Plausibly a cat lacks the learning ability to ever understand this post (though I don’t think anyone has seriously tried?), but even if you were trying to introduce a human to it, unless that human has a lot of relevant background knowledge, they’re just not going to get it, even when shown the entire text, and it’s going to be hard to explain the gist without a significant back-and-forth to establish the relevant concepts.
Sadly, the difference in their priors could still make a big difference for the natural latents, due to the tiny mixtures problem.

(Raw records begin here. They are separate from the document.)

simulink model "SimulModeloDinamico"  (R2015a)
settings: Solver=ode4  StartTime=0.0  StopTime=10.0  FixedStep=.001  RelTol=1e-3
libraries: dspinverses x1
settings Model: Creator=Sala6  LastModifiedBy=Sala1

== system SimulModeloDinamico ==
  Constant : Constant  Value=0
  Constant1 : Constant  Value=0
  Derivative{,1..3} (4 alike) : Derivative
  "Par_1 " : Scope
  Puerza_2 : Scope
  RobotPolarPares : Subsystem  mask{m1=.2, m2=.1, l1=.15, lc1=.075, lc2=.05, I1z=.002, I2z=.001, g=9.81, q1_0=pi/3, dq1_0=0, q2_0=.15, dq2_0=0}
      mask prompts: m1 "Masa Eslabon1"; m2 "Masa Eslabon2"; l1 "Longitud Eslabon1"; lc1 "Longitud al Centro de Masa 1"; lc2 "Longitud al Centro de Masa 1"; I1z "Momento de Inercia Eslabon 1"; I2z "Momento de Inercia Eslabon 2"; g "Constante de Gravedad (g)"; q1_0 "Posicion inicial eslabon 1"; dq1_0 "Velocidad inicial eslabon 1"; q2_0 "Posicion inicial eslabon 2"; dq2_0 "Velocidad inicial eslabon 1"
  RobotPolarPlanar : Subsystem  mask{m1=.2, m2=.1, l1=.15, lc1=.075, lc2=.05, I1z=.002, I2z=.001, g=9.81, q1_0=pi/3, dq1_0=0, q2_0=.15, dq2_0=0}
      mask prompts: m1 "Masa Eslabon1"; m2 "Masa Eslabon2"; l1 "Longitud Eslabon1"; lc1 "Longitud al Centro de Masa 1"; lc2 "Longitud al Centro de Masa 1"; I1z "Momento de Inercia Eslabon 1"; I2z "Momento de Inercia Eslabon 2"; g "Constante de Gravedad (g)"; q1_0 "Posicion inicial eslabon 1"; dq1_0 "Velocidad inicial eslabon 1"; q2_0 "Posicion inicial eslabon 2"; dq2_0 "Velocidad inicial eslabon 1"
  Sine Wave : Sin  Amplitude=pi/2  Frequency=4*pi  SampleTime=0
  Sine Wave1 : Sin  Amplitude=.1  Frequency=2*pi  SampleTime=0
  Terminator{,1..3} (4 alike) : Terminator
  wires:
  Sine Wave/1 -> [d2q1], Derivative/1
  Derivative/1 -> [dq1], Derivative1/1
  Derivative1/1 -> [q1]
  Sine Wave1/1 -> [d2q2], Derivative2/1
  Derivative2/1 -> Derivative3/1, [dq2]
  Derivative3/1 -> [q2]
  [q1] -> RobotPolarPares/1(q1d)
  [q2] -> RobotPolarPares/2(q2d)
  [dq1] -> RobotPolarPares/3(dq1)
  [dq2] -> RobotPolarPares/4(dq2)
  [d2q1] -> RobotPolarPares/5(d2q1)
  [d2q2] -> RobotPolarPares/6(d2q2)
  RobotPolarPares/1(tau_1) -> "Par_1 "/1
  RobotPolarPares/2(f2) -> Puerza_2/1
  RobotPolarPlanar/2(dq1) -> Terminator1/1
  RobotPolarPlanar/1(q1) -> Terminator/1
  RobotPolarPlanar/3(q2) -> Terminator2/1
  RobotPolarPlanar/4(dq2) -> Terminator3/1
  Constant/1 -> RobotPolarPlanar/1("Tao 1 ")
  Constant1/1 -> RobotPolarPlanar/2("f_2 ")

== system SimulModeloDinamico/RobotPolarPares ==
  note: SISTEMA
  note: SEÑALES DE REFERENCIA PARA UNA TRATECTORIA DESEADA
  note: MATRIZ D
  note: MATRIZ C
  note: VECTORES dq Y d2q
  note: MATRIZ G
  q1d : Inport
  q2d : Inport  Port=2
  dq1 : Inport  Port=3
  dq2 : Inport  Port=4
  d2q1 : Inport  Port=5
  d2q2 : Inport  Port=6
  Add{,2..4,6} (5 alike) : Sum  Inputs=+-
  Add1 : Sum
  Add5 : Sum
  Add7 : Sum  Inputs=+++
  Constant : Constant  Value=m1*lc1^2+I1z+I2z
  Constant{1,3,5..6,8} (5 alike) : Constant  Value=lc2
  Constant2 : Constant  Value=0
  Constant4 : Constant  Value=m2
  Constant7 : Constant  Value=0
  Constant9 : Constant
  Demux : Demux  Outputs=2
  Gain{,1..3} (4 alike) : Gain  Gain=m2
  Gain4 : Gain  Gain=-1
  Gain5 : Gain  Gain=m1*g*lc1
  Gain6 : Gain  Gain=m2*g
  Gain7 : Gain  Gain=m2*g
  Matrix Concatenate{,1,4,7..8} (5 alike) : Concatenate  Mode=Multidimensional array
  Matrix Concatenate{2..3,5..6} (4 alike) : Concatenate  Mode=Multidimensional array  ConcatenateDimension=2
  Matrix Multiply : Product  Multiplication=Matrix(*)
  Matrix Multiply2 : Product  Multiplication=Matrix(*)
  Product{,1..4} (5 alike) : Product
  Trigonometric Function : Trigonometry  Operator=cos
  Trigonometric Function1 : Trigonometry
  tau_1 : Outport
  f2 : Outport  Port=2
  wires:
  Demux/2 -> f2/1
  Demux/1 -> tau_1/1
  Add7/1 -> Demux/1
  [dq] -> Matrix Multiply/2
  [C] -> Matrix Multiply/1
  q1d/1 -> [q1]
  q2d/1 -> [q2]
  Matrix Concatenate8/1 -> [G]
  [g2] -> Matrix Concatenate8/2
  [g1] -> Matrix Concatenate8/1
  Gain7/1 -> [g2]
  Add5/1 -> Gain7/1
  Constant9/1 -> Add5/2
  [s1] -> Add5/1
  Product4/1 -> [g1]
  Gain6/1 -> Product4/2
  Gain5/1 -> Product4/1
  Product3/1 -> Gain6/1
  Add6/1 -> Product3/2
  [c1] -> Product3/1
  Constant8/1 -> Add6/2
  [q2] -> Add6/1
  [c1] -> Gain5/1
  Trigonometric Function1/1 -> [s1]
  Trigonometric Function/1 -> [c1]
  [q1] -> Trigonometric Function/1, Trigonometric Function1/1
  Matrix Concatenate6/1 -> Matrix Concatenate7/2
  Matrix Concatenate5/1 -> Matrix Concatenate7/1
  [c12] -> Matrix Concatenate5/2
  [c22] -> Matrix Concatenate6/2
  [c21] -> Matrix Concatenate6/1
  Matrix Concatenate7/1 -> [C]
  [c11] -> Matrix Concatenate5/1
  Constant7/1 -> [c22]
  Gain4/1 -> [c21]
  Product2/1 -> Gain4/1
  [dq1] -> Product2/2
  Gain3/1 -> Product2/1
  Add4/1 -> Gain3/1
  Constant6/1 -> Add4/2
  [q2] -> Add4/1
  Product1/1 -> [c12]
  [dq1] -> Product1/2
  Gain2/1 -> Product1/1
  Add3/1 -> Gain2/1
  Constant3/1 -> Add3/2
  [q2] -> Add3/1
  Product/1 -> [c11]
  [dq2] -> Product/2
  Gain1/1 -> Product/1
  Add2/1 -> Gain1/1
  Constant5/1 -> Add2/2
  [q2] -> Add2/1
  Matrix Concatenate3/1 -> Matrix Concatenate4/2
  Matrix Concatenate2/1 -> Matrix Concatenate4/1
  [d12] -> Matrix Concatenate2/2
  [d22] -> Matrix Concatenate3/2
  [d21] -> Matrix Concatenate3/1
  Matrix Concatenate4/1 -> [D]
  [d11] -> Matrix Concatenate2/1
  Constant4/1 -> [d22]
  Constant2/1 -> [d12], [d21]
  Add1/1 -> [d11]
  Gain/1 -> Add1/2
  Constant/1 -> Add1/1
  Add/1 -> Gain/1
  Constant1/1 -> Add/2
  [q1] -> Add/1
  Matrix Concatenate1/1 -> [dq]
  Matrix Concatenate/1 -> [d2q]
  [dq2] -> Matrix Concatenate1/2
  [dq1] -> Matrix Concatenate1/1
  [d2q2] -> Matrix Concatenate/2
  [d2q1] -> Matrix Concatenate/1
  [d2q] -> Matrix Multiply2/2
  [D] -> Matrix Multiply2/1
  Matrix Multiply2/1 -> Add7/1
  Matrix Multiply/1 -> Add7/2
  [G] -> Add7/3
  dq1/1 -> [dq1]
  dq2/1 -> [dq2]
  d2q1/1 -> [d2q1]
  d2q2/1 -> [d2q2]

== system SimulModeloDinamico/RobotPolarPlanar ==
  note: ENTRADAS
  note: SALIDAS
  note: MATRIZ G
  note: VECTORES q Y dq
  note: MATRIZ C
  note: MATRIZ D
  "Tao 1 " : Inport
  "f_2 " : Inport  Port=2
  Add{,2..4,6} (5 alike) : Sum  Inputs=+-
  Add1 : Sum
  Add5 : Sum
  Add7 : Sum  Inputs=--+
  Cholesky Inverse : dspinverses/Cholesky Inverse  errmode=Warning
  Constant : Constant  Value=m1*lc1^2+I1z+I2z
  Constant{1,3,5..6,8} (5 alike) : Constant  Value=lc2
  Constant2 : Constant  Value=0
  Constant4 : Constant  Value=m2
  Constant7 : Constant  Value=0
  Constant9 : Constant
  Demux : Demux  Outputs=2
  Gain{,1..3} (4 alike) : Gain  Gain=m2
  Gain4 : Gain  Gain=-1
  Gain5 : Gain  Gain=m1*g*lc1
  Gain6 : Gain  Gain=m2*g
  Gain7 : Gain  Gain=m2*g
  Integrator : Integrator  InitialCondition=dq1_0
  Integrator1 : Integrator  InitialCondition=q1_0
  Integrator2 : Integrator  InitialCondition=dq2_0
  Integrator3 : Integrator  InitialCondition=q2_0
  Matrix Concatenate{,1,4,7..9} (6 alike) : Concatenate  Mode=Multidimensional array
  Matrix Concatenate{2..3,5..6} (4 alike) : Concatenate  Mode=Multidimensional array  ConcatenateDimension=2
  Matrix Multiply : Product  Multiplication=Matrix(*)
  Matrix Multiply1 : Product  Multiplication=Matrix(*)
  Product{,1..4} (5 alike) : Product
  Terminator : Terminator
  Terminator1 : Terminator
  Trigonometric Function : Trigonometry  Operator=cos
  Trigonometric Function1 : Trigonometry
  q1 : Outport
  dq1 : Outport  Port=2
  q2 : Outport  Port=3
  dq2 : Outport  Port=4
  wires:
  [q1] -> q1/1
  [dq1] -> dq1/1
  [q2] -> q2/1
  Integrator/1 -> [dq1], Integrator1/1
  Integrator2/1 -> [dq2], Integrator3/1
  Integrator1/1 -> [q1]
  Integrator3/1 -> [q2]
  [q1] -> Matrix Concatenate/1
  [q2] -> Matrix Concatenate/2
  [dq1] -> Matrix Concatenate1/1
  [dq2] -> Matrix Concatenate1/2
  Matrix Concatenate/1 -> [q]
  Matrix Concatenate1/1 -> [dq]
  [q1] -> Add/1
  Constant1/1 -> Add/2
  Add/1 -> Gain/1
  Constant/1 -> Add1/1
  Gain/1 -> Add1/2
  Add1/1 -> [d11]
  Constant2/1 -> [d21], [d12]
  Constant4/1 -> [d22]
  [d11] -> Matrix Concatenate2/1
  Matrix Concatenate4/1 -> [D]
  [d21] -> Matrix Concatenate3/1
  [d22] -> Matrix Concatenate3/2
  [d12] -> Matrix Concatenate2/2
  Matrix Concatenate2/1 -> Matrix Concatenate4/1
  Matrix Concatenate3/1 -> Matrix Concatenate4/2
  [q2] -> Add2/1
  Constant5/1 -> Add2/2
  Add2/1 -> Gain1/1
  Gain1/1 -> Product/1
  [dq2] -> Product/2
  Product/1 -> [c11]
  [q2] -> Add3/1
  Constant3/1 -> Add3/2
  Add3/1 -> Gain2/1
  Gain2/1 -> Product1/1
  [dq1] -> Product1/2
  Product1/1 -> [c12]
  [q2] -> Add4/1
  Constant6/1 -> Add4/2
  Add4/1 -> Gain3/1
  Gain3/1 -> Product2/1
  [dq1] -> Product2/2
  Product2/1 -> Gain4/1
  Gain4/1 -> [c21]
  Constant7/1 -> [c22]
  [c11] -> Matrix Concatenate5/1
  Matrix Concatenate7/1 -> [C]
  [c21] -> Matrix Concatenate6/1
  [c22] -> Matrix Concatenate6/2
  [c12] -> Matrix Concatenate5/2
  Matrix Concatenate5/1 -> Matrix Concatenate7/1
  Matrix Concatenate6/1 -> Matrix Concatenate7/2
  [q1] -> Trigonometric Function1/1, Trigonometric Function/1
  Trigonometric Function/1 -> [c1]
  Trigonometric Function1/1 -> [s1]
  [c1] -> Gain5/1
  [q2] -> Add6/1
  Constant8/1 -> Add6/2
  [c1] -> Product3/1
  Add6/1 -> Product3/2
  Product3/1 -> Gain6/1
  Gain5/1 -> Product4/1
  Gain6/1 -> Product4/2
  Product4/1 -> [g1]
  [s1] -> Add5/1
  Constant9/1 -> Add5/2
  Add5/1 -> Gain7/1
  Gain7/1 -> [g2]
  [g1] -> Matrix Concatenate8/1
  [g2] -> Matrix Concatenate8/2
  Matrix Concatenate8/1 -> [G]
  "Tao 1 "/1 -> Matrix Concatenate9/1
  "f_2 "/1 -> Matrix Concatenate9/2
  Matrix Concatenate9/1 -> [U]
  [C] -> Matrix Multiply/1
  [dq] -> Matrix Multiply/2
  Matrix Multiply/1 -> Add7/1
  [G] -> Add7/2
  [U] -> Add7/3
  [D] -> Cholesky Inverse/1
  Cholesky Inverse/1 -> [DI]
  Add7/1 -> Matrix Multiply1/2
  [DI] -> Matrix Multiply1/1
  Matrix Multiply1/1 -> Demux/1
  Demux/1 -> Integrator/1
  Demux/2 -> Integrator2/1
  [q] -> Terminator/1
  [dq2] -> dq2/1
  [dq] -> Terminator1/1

Currently our best way to handle this is to assume a universal prior. That still allows for a wide variety of different priors (i.e. any Turing machine), but the Solomonoff version of natural latents doesn’t have the tiny mixtures problem. For Solomonoff natural latents, we do have the sort of result you’re intuiting, where the divergence (in bits) between the two agents’ priors just gets added to the error term on all the approximations.
Yup, totally agree with this. This particular model/result is definitely toy/oversimplified in that way.
Generally the purpose of a simplified model is to highlight:
The essence that drives the dynamics
The key constraints under consideration that obstruct and direct this essence
If the question we want to consider is just “why do there seem to be interpretable features across agents from humans to neural networks to bacteria”, then I think your model is doing fine at highlighting the essence and constraints.
However, if the question we want to consider is more normative about what methods we can build to develop higher interpretations of agents, or to understand which important things might be missed, then I think your model fails to highlight both the essence and the key constraints.
Yeah, I generally try to avoid normative questions. People tend to go funny in the head when they focus on what should be, rather than what is or what can be.
But there are positive versions of the questions you’re asking which I think maintain the core pieces:
Humans do seem to have some “higher interpretations of agents”, as part of our intuitive cognition. How do those work? Will more capable agents likely use similar models, or very different ones?
When and why are some latents or abstractions used by one agent but not another?
By focusing on what is, you get a lot of convex losses on your theories that makes it very easy to converge. This is what prevents people from going funny in the head with that focus.
But the value of what is is long-tailed, so the vast majority of those constraints come from worthless instances of the things in the domain you are considering, and the niches that allow things to grow big are competitive and therefore heterogenous, so this vast majority of constraints don’t help you build the sorts of instances that are valuable. In fact, they might prevent it, if adaptation to a niche leads to breaking some of the constraints in some way.
One attractive compromise is to focus on the best of what there is.